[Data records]
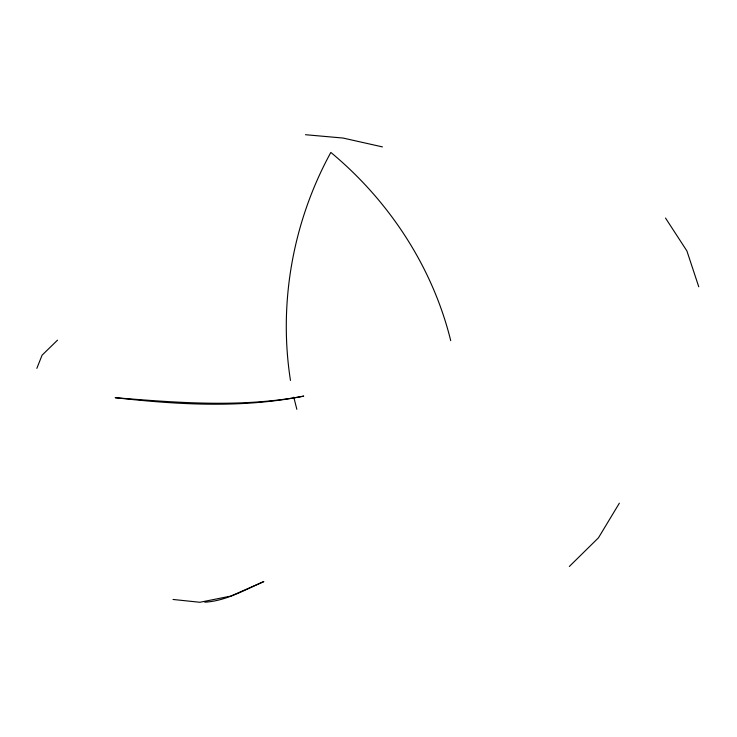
<?xml version="1.0" encoding="UTF-8"?>
<svg xmlns="http://www.w3.org/2000/svg" width="737" height="737" viewBox="0 0 737 737"><rect width="100%" height="100%" fill="white"/><g stroke="black" fill="none" stroke-linecap="round" stroke-linejoin="round"><path stroke-width="1.11" d="M36.85 368.362L42.073 355.188L57.514 340.153M619.366 503.178L598.435 537.844L569.323 566.486M204.785 602.193C226.001 601.005 244.748 589.803 263.837 581.585L230.838 596.076L199.902 602.276L173.011 599.467M305.487 134.714L343.055 138.049L382.448 146.903M665.511 218.041L686.902 250.939L698.759 286.785M296.845 409.311L293.787 397.188M450.722 340.66C432.601 266.978 389.044 200.713 330.839 152.43C293.05 221.367 278.273 302.714 290.479 380.439M303.626 396.137C241.616 408.519 177.626 404.714 115.193 397.694C177.764 402.789 241.487 407.81 303.626 396.137"/></g></svg>
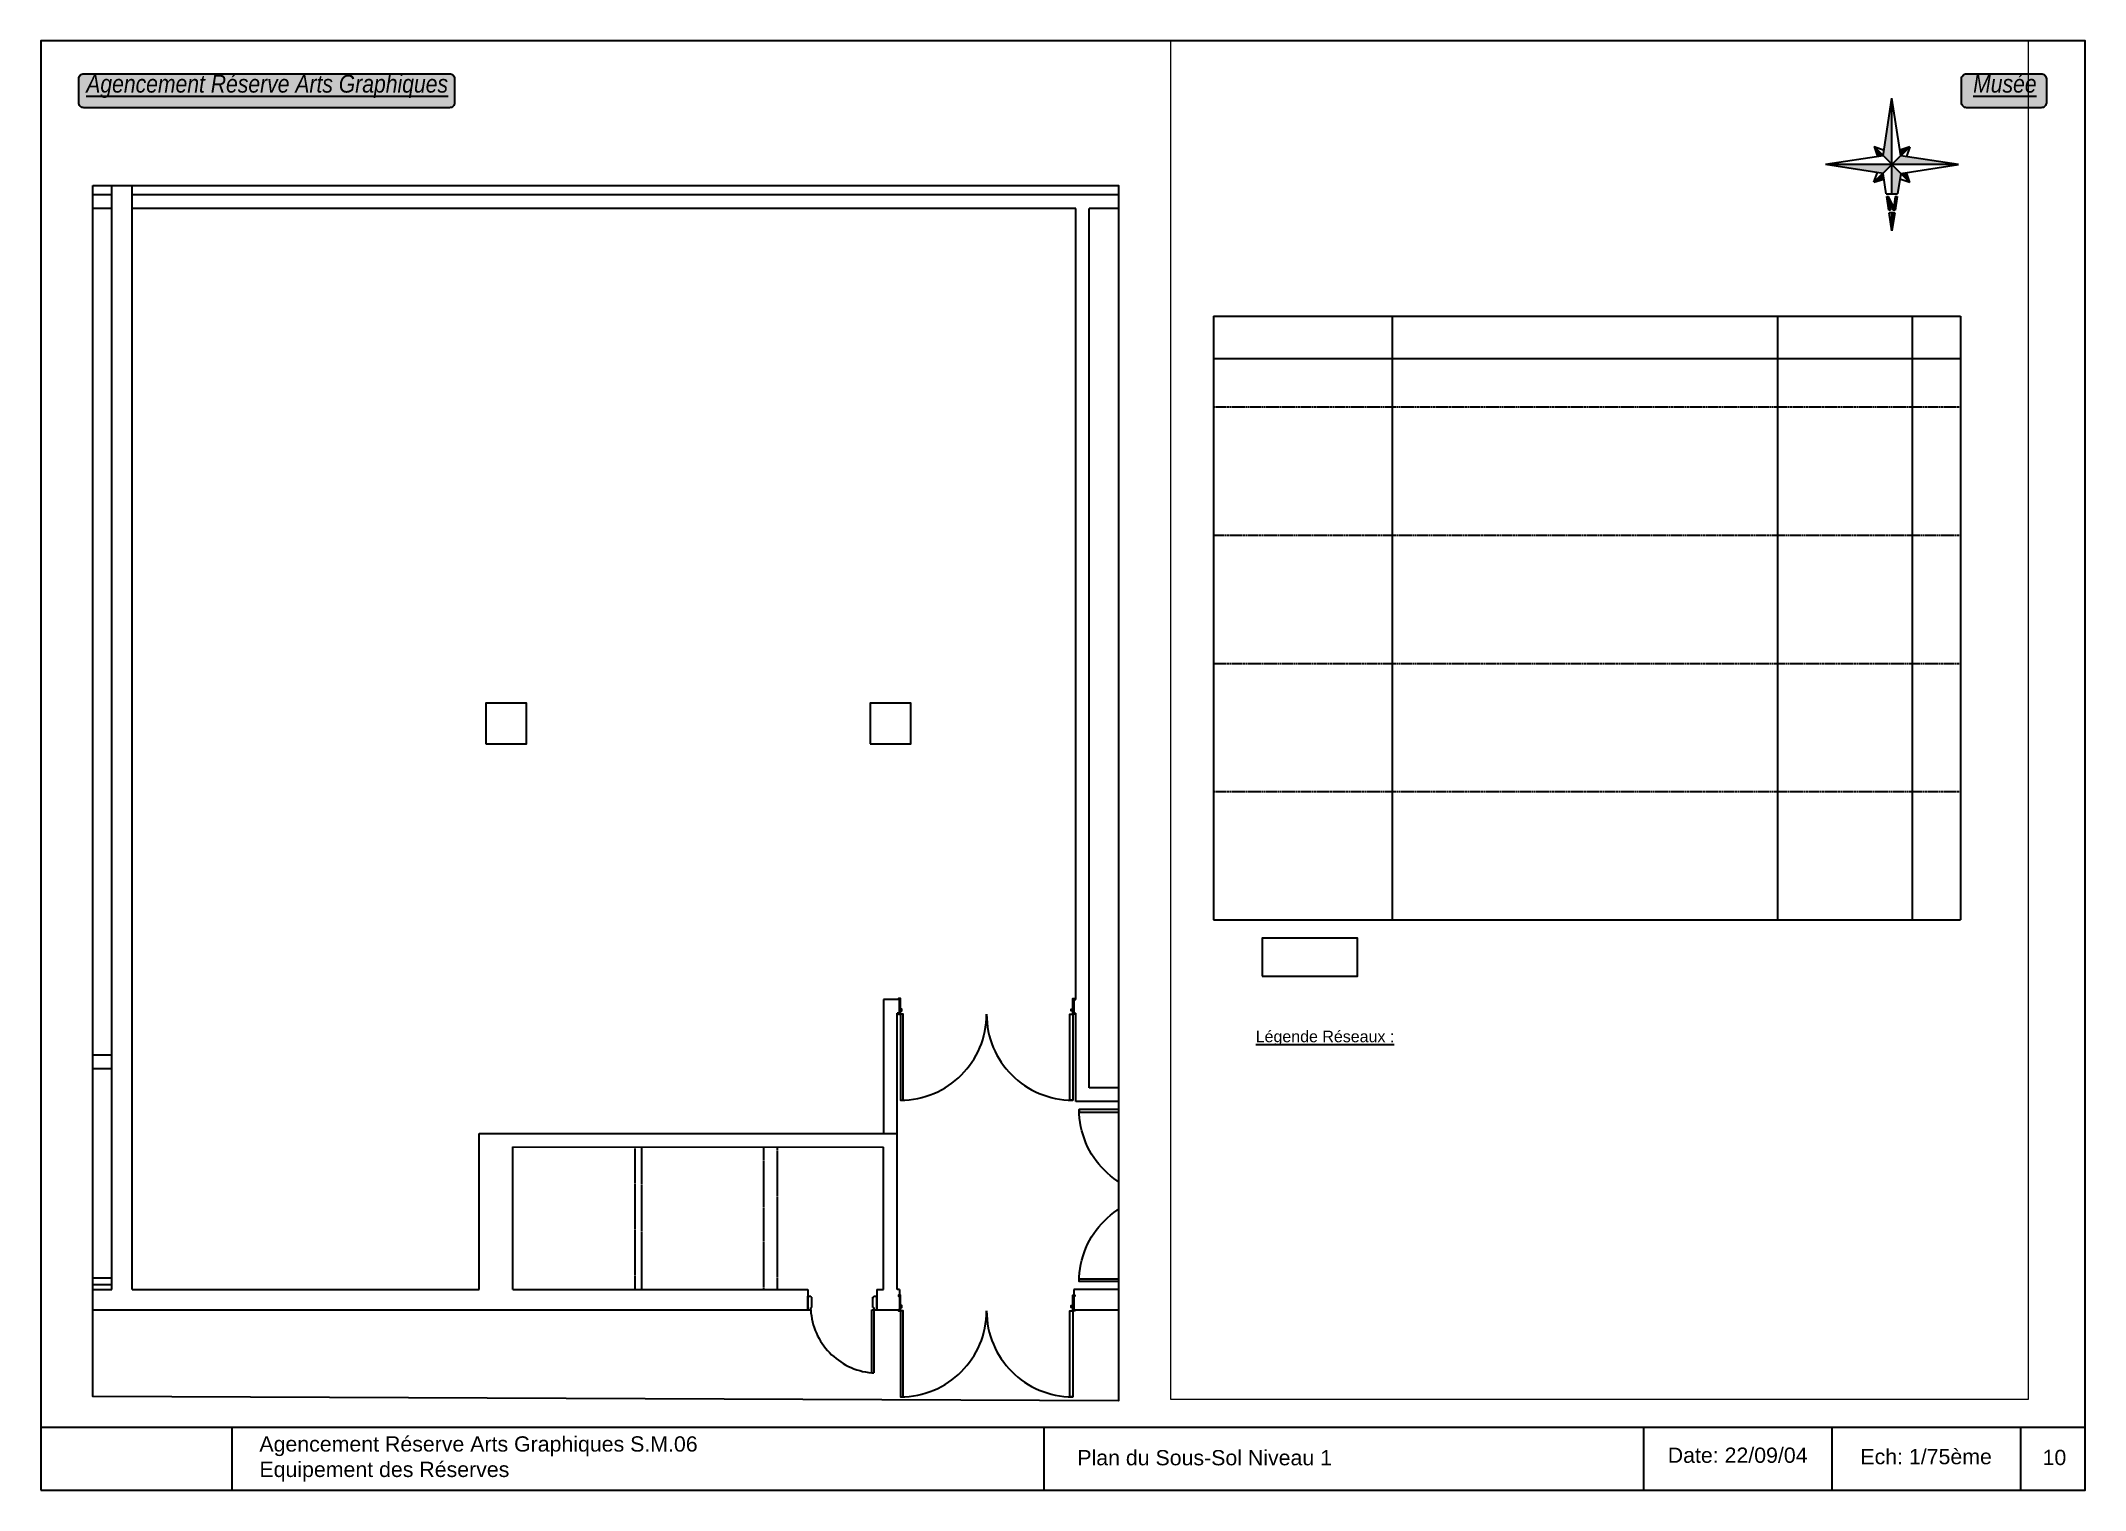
# Paper-space layout 'SM6-75é' of a CAD drawing. Header units: millimetres. Extents: x 11 to 413, y 16 to 301.
# The model-space entities are those that its viewports show. They can reach past a viewport. Long polylines and large blocks are cut down to what shows.
import ezdxf

# ---------------------------------------------------------------- set-up
doc = ezdxf.new("R2010")
doc.units = ezdxf.units.MM
doc.header["$LTSCALE"] = 0.3
doc.header["$MEASUREMENT"] = 0
doc.linetypes.add('ACAD_ISO02W100', pattern=[15, 12, -3])
doc.layers.get('0').update_dxf_attribs({"linetype": 'CONTINUOUS'})
for name, color, linetype in [('-CART', 225, 'CONTINUOUS'), ('-LEGENDE', 3, 'CONTINUOUS'), ('02-MURS-MACONNERIE', 241, 'CONTINUOUS'), ('02-MURS-PORTEUR', 1, 'CONTINUOUS'), ('02-MURS-POTEAU', 6, 'CONTINUOUS'), ('04-CLOISONS', 2, 'CONTINUOUS'), ('05-MEN-INT', 4, 'CONTINUOUS'), ('10-ANN-NOMPIECE', 3, 'CONTINUOUS'), ('10-ANN-NOMPIECE-CODE', 171, 'CONTINUOUS'), ('14-HACH-MURS', 253, 'CONTINUOUS'), ('14-HACH-POTEAU', 251, 'CONTINUOUS')]:
    doc.layers.add(name, color=color, linetype=linetype)
doc.layers.add('-FEN', color=7, linetype='CONTINUOUS', plot=False)
doc.styles.add('NDP', font='ARIAL.TTF', dxfattribs={"height": 0.2})
doc.styles.add('REPCOUP', font='ARIAL.TTF', dxfattribs={"width": 0.85, "height": 0.6})
doc.styles.add('TRAME', font='ARIAL.TTF')

# ---------------------------------------------------------------- blocks, each defined once
blk = doc.blocks.new('Nord-11')
at = {"linetype": 'Continuous'}
for points in [[(0, 34), (-1.4, 24.7), (0, 24.7)], [(1.6, 23.4), (0.7, 23.4), (1.3, 19.3), (-0.7, 23.3), (-1.6, 23.3), (-2.7, 16.4), (-1.7, 16.4), (-0.9, 21.8), (1.7, 16.4), (2.7, 16.4)], [(0, 15), (-2.9, 15), (-4.5, 4.5), (0, 0)], [(0, 0), (-34, 0), (-4.5, -4.5)], [(-4.5, 4.5), (-9.1, 9.2), (-7.4, 4.1)], [(34, 0), (4.6, 4.5), (0, 0)], [(4.5, -4.5), (0, 0), (0, -34)], [(9.2, 9.1), (4.1, 7.4), (4.5, 4.5), (4.6, 4.5)], [(-4, -7.4), (-4.5, -4.5), (-9.1, -9.1)], [(7.4, -4.1), (4.5, -4.5), (9.1, -9.2)]]:
    blk.add_hatch(color=256, dxfattribs=at).paths.add_polyline_path(points)
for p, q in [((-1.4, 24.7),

Task details:
No pictures go in the copy. Set down all the data exactly.

Task output:
<?xml version="1.0" encoding="UTF-8"?>
<svg xmlns="http://www.w3.org/2000/svg" width="737" height="737" viewBox="0 0 737 737"><rect width="100%" height="100%" fill="white"/><g stroke="black" fill="none" stroke-linecap="round" stroke-linejoin="round"><path stroke-width="1.11" d="M36.85 368.362L42.073 355.188L57.514 340.153M619.366 503.178L598.435 537.844L569.323 566.486M204.785 602.193C226.001 601.005 244.748 589.803 263.837 581.585L230.838 596.076L199.902 602.276L173.011 599.467M305.487 134.714L343.055 138.049L382.448 146.903M665.511 218.041L686.902 250.939L698.759 286.785M296.845 409.311L293.787 397.188M450.722 340.66C432.601 266.978 389.044 200.713 330.839 152.43C293.05 221.367 278.273 302.714 290.479 380.439M303.626 396.137C241.616 408.519 177.626 404.714 115.193 397.694C177.764 402.789 241.487 407.81 303.626 396.137"/></g></svg>
# Paper-space layout 'SM6-75é' of a CAD drawing. Header units: millimetres. Extents: x 11 to 413, y 16 to 301.
# The model-space entities are those that its viewports show. They can reach past a viewport. Long polylines and large blocks are cut down to what shows.
import ezdxf

# ---------------------------------------------------------------- set-up
doc = ezdxf.new("R2010")
doc.units = ezdxf.units.MM
doc.header["$LTSCALE"] = 0.3
doc.header["$MEASUREMENT"] = 0
doc.linetypes.add('ACAD_ISO02W100', pattern=[15, 12, -3])
doc.layers.get('0').update_dxf_attribs({"linetype": 'CONTINUOUS'})
for name, color, linetype in [('-CART', 225, 'CONTINUOUS'), ('-LEGENDE', 3, 'CONTINUOUS'), ('02-MURS-MACONNERIE', 241, 'CONTINUOUS'), ('02-MURS-PORTEUR', 1, 'CONTINUOUS'), ('02-MURS-POTEAU', 6, 'CONTINUOUS'), ('04-CLOISONS', 2, 'CONTINUOUS'), ('05-MEN-INT', 4, 'CONTINUOUS'), ('10-ANN-NOMPIECE', 3, 'CONTINUOUS'), ('10-ANN-NOMPIECE-CODE', 171, 'CONTINUOUS'), ('14-HACH-MURS', 253, 'CONTINUOUS'), ('14-HACH-POTEAU', 251, 'CONTINUOUS')]:
    doc.layers.add(name, color=color, linetype=linetype)
doc.layers.add('-FEN', color=7, linetype='CONTINUOUS', plot=False)
doc.styles.add('NDP', font='ARIAL.TTF', dxfattribs={"height": 0.2})
doc.styles.add('REPCOUP', font='ARIAL.TTF', dxfattribs={"width": 0.85, "height": 0.6})
doc.styles.add('TRAME', font='ARIAL.TTF')

# ---------------------------------------------------------------- blocks, each defined once
blk = doc.blocks.new('Nord-11')
at = {"linetype": 'Continuous'}
for points in [[(0, 34), (-1.4, 24.7), (0, 24.7)], [(1.6, 23.4), (0.7, 23.4), (1.3, 19.3), (-0.7, 23.3), (-1.6, 23.3), (-2.7, 16.4), (-1.7, 16.4), (-0.9, 21.8), (1.7, 16.4), (2.7, 16.4)], [(0, 15), (-2.9, 15), (-4.5, 4.5), (0, 0)], [(0, 0), (-34, 0), (-4.5, -4.5)], [(-4.5, 4.5), (-9.1, 9.2), (-7.4, 4.1)], [(34, 0), (4.6, 4.5), (0, 0)], [(4.5, -4.5), (0, 0), (0, -34)], [(9.2, 9.1), (4.1, 7.4), (4.5, 4.5), (4.6, 4.5)], [(-4, -7.4), (-4.5, -4.5), (-9.1, -9.1)], [(7.4, -4.1), (4.5, -4.5), (9.1, -9.2)]]:
    blk.add_hatch(color=256, dxfattribs=at).paths.add_polyline_path(points)
for p, q in [((-1.4, 24.7),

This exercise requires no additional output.